AS Tegaskan Selat Hormuz Harus Tetap Terbuka

Washington menegaskan bahwa Selat Hormuz merupakan jalur pelayaran internasional yang tidak berada di bawah kendali Iran, meskipun negara itu berbatasan langsung dengan kawasan tersebut.

BACA JUGA :  Belgia Unggul 2-1 atas Amerika Serikat pada Babak Pertama 16 Besar Piala Dunia 2026

Menurut CENTCOM, keberadaan pasukan Amerika di kawasan bertujuan menjaga kebebasan navigasi bagi kapal-kapal dagang internasional di tengah meningkatnya ancaman terhadap aktivitas pelayaran.

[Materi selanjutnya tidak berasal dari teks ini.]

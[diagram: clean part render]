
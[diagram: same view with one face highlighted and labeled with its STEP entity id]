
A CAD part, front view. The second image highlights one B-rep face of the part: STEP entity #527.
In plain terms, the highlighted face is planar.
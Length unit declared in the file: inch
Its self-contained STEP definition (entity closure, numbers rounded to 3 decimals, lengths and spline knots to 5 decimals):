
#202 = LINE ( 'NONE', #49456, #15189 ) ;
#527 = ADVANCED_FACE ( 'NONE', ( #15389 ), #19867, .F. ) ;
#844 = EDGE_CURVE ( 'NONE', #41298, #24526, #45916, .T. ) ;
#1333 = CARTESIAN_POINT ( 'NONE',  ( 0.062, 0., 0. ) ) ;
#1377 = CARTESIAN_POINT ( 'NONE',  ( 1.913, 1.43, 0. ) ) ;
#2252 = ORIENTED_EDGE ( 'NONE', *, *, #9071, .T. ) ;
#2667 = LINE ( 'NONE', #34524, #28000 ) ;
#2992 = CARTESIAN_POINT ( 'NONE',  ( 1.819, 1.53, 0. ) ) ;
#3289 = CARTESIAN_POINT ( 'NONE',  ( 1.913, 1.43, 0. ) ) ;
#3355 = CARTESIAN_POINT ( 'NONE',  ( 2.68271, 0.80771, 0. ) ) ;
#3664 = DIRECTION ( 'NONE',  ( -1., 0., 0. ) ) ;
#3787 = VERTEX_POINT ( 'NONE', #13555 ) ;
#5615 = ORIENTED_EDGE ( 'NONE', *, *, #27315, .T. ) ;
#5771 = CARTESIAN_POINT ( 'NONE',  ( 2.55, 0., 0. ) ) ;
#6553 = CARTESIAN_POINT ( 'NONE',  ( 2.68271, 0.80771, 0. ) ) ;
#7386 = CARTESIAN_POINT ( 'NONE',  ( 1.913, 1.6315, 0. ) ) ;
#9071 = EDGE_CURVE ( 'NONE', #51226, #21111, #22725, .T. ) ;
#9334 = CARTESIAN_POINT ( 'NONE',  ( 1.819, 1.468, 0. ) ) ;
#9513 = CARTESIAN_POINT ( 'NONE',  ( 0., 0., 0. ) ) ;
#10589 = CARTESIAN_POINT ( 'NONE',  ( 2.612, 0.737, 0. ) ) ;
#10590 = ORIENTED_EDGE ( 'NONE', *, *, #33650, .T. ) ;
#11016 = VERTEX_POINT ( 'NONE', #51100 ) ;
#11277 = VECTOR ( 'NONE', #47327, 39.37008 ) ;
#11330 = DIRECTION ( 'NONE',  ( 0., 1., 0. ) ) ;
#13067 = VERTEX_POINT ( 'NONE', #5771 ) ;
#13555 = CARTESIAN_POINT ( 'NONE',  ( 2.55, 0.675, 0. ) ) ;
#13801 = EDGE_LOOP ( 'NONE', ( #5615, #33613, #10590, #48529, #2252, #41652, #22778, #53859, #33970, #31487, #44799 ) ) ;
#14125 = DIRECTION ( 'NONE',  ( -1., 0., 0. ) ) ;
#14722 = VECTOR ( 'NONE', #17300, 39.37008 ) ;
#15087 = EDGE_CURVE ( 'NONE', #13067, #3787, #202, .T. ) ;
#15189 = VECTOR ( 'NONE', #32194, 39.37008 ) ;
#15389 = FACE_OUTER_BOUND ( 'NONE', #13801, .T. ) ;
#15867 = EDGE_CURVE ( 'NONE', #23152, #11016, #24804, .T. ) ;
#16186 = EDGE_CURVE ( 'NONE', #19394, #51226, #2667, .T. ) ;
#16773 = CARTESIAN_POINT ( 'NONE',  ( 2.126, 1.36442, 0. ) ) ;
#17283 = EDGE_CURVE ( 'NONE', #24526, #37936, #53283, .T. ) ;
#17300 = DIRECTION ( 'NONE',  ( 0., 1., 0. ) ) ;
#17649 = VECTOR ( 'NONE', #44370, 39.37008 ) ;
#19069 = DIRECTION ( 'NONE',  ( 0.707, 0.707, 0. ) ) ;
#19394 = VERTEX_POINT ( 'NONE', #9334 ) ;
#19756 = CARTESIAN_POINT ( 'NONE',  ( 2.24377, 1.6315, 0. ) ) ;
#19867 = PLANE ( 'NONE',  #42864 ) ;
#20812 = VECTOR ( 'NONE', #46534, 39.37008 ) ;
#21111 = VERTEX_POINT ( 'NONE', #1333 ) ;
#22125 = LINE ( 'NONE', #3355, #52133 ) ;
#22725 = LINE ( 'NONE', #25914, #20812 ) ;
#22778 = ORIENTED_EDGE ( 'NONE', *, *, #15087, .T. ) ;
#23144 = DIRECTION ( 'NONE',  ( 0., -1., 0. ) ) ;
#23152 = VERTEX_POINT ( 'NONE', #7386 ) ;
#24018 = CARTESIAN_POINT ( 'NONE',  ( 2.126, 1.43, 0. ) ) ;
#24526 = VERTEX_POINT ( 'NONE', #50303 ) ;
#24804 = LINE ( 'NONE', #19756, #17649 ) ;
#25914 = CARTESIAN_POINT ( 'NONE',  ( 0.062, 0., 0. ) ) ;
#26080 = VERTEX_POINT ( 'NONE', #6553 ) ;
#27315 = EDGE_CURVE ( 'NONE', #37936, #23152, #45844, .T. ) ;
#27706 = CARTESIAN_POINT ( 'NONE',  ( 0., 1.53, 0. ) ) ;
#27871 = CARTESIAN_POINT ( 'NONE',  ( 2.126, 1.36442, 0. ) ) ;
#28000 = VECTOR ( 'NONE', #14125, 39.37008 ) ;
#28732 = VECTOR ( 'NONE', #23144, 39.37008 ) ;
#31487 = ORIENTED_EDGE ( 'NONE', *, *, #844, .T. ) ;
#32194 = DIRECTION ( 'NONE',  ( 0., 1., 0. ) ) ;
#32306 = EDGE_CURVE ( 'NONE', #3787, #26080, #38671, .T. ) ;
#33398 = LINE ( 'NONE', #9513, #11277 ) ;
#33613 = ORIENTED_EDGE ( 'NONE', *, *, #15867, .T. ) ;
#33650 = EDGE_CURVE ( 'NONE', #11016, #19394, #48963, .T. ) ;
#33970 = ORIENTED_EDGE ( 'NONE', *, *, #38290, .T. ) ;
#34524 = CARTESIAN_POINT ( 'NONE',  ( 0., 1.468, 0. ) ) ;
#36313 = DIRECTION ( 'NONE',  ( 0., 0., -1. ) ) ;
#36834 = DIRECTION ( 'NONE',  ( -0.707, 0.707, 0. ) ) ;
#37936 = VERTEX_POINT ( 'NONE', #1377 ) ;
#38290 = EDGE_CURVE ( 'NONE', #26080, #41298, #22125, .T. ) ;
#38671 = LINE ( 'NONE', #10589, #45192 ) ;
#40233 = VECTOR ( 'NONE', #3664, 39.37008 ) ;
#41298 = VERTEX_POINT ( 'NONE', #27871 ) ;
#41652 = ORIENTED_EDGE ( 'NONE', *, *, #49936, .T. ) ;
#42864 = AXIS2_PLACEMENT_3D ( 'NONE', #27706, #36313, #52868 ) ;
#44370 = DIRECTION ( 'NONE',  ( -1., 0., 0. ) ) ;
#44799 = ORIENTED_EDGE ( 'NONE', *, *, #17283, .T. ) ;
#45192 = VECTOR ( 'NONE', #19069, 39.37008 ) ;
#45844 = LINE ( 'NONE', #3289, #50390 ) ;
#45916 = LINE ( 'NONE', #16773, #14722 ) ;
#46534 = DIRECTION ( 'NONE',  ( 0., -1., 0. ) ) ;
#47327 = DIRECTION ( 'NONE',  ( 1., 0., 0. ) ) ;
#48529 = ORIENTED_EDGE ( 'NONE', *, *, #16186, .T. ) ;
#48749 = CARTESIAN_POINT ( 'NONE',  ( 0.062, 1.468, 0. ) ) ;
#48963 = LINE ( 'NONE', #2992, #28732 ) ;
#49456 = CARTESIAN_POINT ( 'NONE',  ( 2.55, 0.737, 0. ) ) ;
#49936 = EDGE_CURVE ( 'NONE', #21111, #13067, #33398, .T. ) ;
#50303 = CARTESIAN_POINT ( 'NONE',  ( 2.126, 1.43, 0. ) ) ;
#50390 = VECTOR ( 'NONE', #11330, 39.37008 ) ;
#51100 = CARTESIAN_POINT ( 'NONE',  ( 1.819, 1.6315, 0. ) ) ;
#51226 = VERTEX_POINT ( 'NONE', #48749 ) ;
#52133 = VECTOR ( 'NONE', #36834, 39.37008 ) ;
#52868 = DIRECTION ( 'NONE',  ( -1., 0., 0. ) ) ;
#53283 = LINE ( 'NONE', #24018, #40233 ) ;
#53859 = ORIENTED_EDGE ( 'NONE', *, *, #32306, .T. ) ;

Amerika juga menuduh Teheran terus melakukan intimidasi dan tindakan yang dinilai mengganggu keamanan maritim di kawasan Teluk.

Iran Sebut Serangan Gagalkan Upaya Diplomasi

Pemerintah Iran mengecam keras aksi militer terbaru Amerika Serikat. Kementerian Luar Negeri Iran menilai serangan tersebut telah merusak berbagai upaya diplomatik yang selama beberapa bulan terakhir dilakukan untuk meredakan ketegangan.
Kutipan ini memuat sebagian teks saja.